Life is expensive. Frustrating as that statement may be, it’s certainly no secret. So how exactly do you manage a budget when things are so tight, financially? As you navigate your salary, bills and the impact each has on your bank account, keep these tips in mind to effectively manage your budget.
Consider What You’re Taking In Monthly
For most of us, this simply means you should know what your salary for the month is (if you’re paid bi-weekly, simply combine those payments to determine the monthly income).
Additionally, if you have consistent part-time work or side hustles to include in these considerations, make sure you are factoring in those details. One-off payments (for instance, Birthday checks), shouldn’t be factored in here, as it’s not a consistent monthly source of income.
Consider Your Monthly Bills
Next, you’ll want to factor out every monthly bill you have, regardless of the size. This means you shouldn’t be stopping once you factor in rent or mortgage payments, gas, electric and water bills – but should also be including applicable student loans, cable bills (and any supplementary subscription services), your average monthly grocery bill, your average monthly car expenditures, etc.
Your monthly bills likely eat into a majority of your monthly income, so you should take this opportunity to determine exactly what those expenses look like in total so you can see what you’re left with on a monthly basis.
Split the Difference
As mentioned above, you should be splitting the difference between your monthly income and your monthly bills to determine how much (if any) is left.
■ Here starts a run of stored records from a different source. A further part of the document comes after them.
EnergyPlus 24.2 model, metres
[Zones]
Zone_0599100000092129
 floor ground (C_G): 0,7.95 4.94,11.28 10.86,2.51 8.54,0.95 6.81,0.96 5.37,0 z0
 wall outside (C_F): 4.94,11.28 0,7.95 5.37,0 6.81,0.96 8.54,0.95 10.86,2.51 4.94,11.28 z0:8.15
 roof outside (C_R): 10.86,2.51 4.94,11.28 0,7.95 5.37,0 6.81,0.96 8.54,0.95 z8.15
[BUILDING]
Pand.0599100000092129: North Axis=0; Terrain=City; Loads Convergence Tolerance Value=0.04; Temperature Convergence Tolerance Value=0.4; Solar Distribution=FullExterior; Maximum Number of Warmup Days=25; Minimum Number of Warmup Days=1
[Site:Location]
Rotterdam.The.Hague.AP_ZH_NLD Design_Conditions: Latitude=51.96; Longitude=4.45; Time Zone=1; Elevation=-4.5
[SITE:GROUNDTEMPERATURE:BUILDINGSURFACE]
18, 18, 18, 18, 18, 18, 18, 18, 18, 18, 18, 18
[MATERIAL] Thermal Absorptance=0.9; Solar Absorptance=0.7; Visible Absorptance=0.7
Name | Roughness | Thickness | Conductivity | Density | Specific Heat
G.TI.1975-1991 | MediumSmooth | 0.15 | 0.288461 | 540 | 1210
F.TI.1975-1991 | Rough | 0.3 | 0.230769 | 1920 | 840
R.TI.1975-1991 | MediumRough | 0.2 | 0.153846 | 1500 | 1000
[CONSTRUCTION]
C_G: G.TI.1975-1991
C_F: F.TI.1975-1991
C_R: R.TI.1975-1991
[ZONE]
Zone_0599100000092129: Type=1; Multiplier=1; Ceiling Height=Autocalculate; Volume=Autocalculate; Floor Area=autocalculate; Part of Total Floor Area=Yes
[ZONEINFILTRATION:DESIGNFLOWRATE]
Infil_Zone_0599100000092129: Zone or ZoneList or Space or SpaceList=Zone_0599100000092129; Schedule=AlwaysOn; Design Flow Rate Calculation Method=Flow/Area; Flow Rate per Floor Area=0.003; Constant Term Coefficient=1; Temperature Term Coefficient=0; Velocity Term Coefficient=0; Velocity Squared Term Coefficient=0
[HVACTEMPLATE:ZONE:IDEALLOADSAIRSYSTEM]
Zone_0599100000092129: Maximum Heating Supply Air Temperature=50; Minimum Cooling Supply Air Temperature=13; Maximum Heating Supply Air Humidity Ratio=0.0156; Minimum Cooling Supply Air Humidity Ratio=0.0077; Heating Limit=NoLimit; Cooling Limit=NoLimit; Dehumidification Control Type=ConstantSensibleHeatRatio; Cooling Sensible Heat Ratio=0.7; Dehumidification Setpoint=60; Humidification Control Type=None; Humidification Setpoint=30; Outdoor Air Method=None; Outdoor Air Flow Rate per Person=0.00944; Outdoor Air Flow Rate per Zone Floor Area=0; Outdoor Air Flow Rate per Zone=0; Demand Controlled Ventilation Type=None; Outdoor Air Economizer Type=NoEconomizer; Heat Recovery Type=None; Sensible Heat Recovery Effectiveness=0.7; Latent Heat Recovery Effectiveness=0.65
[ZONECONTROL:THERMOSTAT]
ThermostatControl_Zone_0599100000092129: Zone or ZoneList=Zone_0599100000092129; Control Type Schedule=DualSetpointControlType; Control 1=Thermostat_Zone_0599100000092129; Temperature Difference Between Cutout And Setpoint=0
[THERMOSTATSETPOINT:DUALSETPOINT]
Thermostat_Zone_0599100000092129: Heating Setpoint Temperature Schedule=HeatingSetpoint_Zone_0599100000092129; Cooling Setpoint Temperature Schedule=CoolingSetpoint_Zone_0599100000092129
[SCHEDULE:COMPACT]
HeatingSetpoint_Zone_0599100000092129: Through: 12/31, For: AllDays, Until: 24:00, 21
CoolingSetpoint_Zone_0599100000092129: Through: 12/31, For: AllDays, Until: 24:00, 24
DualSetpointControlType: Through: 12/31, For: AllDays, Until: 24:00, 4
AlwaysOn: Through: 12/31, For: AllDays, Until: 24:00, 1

This is the foundation you need to base all other “optional” expenditures on.
Limit Extraneous Spending
Spending money on “wants” can get out of hand rather quickly, so it’s important you set a hard limit for yourself on a monthly or weekly basis.
Build an “In Case of Emergency” Fund
Sometimes, larger expenses arise that can’t be covered from a single month’s “fun money” savings. Rather than splurging whenever you feel like it, plan for these larger expenditures!
Things can go wrong at any moment, whether that’s the need for a new household appliance, a hospital visit, a popped car tire, etc., and there’s no way to plan for that. However, you can set aside money every month that adds up over time from which you can pull emergency funds when needed. This effectively prevents you from draining your savings and ensures you’re covered, even in the event of an emergency.
Granted, saving consistently over time isn’t always a possibility, but when it is, make sure you’re playing the long game.
Set Goals – Put the Rest in Savings
When possible, you want to be sure you’re saving your money for the long run. Yes, this means you should be simply saving money and not touching it. Set a high goal for yourself – this way, you’ll always remember to put some money away if you can each month. You can even set a certain percentage to come off the top to go straight to savings before any spending happens.
Budgeting is no fun, but it is necessary if you want to build a solid savings that you can rely on and invest with over time. When it comes to managing your budget, you should always be on top of your income versus expenditures, and monitor your spending, regardless of where it’s funneling.